What this task involves »
In the data below, how many lines contain the word "blocks"? Answer with the number alone.

(Source records)

::::

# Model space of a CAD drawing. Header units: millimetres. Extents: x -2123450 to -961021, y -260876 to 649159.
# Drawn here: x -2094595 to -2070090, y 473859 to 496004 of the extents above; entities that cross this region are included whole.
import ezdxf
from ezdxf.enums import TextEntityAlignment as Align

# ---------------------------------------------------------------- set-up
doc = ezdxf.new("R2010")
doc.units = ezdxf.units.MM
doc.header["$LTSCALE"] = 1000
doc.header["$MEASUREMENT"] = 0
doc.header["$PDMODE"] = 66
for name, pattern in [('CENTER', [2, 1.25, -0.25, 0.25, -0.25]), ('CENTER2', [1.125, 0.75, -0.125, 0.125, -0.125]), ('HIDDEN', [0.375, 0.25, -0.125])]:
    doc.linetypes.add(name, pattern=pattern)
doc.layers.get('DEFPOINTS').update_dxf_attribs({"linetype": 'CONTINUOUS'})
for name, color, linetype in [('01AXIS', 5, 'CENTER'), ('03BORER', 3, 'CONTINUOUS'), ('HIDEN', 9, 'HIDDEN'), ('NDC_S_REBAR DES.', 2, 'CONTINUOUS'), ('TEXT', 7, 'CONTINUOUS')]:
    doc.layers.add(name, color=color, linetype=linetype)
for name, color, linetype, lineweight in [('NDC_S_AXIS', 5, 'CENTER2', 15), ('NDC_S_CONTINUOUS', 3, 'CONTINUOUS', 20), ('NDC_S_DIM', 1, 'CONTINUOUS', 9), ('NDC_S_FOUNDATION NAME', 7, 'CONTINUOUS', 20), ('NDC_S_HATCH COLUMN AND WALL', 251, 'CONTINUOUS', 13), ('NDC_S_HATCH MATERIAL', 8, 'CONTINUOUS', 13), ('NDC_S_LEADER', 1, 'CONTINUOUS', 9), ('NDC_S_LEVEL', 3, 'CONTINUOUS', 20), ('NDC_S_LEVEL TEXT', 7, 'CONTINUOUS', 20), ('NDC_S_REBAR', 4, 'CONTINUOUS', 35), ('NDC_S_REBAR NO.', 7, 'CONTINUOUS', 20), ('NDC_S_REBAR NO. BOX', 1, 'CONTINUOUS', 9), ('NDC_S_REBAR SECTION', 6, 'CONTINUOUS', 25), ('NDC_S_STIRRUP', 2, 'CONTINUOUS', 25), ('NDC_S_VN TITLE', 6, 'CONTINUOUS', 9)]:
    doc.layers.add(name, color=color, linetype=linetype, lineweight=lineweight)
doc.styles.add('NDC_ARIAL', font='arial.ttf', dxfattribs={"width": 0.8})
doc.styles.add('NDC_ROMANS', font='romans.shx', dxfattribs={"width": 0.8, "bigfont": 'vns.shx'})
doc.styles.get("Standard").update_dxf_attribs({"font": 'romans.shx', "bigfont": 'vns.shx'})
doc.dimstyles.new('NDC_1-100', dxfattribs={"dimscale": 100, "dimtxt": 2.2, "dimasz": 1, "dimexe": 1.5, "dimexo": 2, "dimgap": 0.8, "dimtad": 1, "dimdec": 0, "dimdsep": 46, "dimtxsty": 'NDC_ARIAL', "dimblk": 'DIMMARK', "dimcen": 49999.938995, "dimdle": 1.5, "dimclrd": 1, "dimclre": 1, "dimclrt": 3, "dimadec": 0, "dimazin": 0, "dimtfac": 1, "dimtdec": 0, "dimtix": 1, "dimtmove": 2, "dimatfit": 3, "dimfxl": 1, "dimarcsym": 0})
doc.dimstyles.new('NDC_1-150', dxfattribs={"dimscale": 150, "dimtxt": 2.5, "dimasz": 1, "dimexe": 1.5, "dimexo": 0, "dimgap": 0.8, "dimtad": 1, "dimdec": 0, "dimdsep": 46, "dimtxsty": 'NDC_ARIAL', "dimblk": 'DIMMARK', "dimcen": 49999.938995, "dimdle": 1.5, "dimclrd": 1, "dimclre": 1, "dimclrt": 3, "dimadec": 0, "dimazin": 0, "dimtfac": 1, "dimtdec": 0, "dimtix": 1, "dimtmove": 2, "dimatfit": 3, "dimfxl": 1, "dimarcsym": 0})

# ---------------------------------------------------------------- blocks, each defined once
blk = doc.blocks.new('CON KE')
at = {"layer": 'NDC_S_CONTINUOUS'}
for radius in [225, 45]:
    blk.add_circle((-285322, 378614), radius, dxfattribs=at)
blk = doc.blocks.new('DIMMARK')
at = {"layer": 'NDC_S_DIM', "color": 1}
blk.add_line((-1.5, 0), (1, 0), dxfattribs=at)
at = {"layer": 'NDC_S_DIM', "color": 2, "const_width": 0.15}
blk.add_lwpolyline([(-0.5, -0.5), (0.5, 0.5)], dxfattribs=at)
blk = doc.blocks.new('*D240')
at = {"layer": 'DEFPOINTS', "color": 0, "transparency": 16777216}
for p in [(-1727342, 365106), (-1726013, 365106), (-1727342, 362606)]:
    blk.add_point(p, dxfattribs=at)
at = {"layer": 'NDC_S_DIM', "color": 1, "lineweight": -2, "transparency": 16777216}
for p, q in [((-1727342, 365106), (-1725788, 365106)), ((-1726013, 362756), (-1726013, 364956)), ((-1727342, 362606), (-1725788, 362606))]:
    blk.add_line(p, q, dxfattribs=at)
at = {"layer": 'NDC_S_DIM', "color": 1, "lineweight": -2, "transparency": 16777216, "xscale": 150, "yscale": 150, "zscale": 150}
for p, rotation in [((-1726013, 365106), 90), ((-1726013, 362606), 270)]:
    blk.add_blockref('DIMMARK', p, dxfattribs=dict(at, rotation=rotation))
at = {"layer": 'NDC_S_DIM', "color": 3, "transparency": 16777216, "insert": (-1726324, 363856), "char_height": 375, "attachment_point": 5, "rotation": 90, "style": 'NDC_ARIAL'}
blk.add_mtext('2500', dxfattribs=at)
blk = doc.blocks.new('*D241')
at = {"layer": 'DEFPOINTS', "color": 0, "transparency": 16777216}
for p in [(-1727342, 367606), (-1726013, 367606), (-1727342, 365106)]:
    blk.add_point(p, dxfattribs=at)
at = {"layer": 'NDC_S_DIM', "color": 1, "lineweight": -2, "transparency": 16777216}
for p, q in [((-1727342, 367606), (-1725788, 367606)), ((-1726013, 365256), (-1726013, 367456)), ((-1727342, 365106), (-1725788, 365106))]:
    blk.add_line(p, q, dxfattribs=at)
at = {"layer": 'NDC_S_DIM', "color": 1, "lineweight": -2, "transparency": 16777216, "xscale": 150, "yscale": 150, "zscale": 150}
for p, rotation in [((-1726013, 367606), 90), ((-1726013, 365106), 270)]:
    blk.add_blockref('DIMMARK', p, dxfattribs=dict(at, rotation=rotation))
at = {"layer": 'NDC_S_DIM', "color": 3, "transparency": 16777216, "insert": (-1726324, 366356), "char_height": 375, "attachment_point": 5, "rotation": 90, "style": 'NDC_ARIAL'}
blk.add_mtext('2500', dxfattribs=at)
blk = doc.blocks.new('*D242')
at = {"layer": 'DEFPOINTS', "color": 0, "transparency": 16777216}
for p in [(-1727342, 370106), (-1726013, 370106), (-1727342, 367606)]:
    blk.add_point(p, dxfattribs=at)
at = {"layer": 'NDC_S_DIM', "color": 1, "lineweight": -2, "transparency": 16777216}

::::

Task solution »
6